### Exercise:
Only one stretch of the data below is needed. Output the lines from the one with "line L132 (-10059.8989, -10015.0944)" up to and including the one with "line L139 (-10060.6559, -10023.6361)", exactly as they stand.

═══ Exercise materials ═══

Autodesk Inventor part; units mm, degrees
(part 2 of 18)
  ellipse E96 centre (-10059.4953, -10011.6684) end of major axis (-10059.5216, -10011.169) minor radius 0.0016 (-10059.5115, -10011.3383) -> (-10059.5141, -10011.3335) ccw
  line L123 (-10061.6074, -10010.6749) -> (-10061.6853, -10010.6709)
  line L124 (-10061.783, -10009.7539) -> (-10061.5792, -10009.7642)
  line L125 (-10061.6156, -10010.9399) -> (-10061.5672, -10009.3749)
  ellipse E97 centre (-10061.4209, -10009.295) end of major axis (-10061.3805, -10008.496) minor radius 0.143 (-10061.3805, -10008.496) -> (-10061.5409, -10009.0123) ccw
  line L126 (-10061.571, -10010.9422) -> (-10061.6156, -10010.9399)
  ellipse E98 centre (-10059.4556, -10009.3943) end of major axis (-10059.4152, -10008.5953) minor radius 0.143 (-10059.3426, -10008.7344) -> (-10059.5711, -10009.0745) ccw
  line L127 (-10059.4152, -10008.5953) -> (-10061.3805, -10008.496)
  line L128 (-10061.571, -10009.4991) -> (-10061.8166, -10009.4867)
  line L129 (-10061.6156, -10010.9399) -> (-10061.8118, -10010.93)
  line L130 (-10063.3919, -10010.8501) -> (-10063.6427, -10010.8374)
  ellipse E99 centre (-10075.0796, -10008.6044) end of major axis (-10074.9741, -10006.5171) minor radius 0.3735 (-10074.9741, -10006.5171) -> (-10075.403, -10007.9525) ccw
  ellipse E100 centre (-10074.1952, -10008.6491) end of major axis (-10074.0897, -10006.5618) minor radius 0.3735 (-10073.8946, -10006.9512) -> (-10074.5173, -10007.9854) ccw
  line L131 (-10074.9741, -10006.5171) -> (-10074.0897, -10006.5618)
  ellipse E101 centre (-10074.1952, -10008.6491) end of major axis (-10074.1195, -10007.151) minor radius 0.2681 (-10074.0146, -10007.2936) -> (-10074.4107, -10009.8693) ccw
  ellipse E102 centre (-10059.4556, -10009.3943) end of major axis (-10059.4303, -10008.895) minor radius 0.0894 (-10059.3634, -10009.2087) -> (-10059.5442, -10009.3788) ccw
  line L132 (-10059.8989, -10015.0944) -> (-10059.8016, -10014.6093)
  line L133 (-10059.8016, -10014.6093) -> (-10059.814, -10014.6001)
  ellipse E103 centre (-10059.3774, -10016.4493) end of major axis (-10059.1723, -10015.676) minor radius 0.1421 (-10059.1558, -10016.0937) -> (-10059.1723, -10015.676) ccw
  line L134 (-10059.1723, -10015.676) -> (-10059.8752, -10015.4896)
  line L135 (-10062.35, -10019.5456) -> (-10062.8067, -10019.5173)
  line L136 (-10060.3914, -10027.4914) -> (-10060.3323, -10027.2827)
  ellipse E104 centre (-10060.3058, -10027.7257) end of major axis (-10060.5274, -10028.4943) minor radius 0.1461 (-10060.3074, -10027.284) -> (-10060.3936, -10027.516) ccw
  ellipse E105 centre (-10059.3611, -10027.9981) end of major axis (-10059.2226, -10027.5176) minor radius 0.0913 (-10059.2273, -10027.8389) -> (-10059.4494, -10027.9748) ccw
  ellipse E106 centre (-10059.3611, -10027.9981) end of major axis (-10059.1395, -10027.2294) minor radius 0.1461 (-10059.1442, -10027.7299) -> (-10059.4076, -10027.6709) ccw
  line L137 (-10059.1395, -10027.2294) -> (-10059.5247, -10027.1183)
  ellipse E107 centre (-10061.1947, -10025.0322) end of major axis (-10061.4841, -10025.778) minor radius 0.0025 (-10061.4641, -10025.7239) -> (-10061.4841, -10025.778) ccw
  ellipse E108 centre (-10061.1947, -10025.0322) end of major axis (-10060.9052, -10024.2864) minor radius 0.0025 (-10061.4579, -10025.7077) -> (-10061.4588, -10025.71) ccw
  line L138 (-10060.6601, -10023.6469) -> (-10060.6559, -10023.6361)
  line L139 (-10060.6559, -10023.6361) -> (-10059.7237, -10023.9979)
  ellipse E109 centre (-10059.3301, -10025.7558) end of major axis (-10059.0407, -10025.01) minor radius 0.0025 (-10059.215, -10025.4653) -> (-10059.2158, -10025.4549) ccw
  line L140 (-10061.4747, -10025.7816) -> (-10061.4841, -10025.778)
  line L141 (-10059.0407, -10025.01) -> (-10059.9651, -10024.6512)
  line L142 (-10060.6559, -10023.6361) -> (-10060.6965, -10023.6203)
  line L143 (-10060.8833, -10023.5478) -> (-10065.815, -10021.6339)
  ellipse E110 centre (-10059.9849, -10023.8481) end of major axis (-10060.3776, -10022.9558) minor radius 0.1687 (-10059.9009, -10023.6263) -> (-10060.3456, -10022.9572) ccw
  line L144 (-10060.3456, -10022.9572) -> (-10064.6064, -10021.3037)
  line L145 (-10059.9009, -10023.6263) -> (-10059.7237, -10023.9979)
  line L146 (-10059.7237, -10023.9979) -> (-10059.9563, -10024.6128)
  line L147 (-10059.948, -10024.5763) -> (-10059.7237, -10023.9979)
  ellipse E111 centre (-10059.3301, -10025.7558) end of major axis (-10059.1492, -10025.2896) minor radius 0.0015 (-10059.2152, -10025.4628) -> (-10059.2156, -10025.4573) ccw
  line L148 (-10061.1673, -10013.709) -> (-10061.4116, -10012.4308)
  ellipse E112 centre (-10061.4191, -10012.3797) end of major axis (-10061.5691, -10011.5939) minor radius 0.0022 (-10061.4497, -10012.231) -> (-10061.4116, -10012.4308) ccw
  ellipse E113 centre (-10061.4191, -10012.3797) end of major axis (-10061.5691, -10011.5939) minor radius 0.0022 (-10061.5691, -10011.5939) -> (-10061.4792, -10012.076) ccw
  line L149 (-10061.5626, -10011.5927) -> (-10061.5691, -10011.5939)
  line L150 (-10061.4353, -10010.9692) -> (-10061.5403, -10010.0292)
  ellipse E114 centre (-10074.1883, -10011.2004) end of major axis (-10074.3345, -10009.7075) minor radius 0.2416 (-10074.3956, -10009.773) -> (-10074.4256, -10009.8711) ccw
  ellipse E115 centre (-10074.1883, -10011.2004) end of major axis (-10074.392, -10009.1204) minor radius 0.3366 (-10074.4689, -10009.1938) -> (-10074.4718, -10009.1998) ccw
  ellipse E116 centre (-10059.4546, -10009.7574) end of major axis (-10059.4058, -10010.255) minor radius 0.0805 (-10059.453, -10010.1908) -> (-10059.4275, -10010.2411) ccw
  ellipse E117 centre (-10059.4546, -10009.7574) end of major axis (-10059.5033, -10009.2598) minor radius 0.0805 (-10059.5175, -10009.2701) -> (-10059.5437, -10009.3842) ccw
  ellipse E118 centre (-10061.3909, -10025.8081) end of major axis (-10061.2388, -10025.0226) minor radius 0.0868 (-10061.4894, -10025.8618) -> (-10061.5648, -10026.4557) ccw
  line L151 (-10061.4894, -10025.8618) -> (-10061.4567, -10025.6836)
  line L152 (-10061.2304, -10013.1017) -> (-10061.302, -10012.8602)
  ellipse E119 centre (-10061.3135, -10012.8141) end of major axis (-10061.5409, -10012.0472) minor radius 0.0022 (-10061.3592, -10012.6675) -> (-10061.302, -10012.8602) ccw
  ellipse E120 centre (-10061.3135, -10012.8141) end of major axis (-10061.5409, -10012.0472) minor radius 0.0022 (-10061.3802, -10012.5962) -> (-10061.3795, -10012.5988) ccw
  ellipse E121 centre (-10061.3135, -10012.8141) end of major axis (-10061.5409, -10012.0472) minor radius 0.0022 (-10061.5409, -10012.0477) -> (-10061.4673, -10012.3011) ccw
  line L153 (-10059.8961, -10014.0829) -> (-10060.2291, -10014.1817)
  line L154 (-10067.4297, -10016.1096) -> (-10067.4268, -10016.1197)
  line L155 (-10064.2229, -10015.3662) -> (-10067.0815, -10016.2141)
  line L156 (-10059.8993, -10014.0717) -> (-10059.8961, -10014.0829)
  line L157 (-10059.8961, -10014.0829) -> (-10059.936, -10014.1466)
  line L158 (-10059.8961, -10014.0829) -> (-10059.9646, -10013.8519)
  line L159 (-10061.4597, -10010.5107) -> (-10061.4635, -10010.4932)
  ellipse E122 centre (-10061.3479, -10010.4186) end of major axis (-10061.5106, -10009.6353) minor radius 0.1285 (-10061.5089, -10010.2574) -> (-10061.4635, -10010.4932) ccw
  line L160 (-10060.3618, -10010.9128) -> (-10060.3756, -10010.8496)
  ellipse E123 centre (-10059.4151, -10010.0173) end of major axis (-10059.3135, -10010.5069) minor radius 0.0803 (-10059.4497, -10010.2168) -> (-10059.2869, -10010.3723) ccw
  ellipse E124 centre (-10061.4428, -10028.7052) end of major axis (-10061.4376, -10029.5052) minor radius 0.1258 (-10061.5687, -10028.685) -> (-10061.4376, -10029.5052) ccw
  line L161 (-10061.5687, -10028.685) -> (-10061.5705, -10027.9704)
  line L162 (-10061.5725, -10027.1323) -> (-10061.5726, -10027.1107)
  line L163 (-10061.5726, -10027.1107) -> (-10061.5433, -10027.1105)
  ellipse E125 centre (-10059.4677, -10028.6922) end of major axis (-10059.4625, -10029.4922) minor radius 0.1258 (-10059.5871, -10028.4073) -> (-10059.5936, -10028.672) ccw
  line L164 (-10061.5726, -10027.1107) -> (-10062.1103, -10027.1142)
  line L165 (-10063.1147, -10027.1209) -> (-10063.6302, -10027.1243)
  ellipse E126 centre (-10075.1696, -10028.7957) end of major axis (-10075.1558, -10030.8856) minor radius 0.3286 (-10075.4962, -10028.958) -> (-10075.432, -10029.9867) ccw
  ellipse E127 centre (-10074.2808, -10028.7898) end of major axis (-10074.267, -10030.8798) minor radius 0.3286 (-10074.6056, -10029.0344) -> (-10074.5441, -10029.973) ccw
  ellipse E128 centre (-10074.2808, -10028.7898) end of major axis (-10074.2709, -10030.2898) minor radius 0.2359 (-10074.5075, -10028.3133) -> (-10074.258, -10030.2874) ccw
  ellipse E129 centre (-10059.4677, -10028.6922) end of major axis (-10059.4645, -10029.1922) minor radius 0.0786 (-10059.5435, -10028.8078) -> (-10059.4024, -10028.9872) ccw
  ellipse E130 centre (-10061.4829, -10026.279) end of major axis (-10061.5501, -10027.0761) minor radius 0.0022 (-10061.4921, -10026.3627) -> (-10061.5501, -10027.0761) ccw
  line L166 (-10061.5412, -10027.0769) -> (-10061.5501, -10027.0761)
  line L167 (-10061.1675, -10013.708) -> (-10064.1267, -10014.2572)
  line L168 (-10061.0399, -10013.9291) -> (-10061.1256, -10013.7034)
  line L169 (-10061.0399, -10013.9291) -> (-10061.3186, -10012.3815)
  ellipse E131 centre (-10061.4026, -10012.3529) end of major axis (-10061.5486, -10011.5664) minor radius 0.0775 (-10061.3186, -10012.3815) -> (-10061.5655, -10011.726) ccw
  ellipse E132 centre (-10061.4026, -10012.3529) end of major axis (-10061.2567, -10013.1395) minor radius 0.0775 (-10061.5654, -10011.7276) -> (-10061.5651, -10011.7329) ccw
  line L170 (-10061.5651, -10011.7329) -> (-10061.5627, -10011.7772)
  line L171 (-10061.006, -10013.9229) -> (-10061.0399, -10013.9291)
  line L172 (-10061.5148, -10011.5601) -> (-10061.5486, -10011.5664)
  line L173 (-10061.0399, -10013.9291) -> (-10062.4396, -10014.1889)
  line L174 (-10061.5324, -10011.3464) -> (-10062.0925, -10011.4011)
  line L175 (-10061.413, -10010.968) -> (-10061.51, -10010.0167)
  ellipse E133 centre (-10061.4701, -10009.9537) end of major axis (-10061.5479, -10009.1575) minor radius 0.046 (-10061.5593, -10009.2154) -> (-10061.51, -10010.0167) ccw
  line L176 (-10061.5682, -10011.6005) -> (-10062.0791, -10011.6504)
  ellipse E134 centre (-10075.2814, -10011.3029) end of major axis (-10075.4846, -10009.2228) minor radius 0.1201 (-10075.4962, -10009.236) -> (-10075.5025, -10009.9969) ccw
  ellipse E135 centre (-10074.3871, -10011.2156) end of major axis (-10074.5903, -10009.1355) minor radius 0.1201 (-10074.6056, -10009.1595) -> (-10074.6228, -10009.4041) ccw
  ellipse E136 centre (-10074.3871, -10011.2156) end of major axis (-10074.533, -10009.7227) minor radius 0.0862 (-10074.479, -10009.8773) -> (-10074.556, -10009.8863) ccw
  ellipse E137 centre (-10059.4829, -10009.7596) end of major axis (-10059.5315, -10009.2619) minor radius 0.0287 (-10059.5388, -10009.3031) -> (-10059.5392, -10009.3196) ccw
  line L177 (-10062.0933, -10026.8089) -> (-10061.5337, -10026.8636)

═══

### Result:
  line L132 (-10059.8989, -10015.0944) -> (-10059.8016, -10014.6093)
  line L133 (-10059.8016, -10014.6093) -> (-10059.814, -10014.6001)
  ellipse E103 centre (-10059.3774, -10016.4493) end of major axis (-10059.1723, -10015.676) minor radius 0.1421 (-10059.1558, -10016.0937) -> (-10059.1723, -10015.676) ccw
  line L134 (-10059.1723, -10015.676) -> (-10059.8752, -10015.4896)
  line L135 (-10062.35, -10019.5456) -> (-10062.8067, -10019.5173)
  line L136 (-10060.3914, -10027.4914) -> (-10060.3323, -10027.2827)
  ellipse E104 centre (-10060.3058, -10027.7257) end of major axis (-10060.5274, -10028.4943) minor radius 0.1461 (-10060.3074, -10027.284) -> (-10060.3936, -10027.516) ccw
  ellipse E105 centre (-10059.3611, -10027.9981) end of major axis (-10059.2226, -10027.5176) minor radius 0.0913 (-10059.2273, -10027.8389) -> (-10059.4494, -10027.9748) ccw
  ellipse E106 centre (-10059.3611, -10027.9981) end of major axis (-10059.1395, -10027.2294) minor radius 0.1461 (-10059.1442, -10027.7299) -> (-10059.4076, -10027.6709) ccw
  line L137 (-10059.1395, -10027.2294) -> (-10059.5247, -10027.1183)
  ellipse E107 centre (-10061.1947, -10025.0322) end of major axis (-10061.4841, -10025.778) minor radius 0.0025 (-10061.4641, -10025.7239) -> (-10061.4841, -10025.778) ccw
  ellipse E108 centre (-10061.1947, -10025.0322) end of major axis (-10060.9052, -10024.2864) minor radius 0.0025 (-10061.4579, -10025.7077) -> (-10061.4588, -10025.71) ccw
  line L138 (-10060.6601, -10023.6469) -> (-10060.6559, -10023.6361)
  line L139 (-10060.6559, -10023.6361) -> (-10059.7237, -10023.9979)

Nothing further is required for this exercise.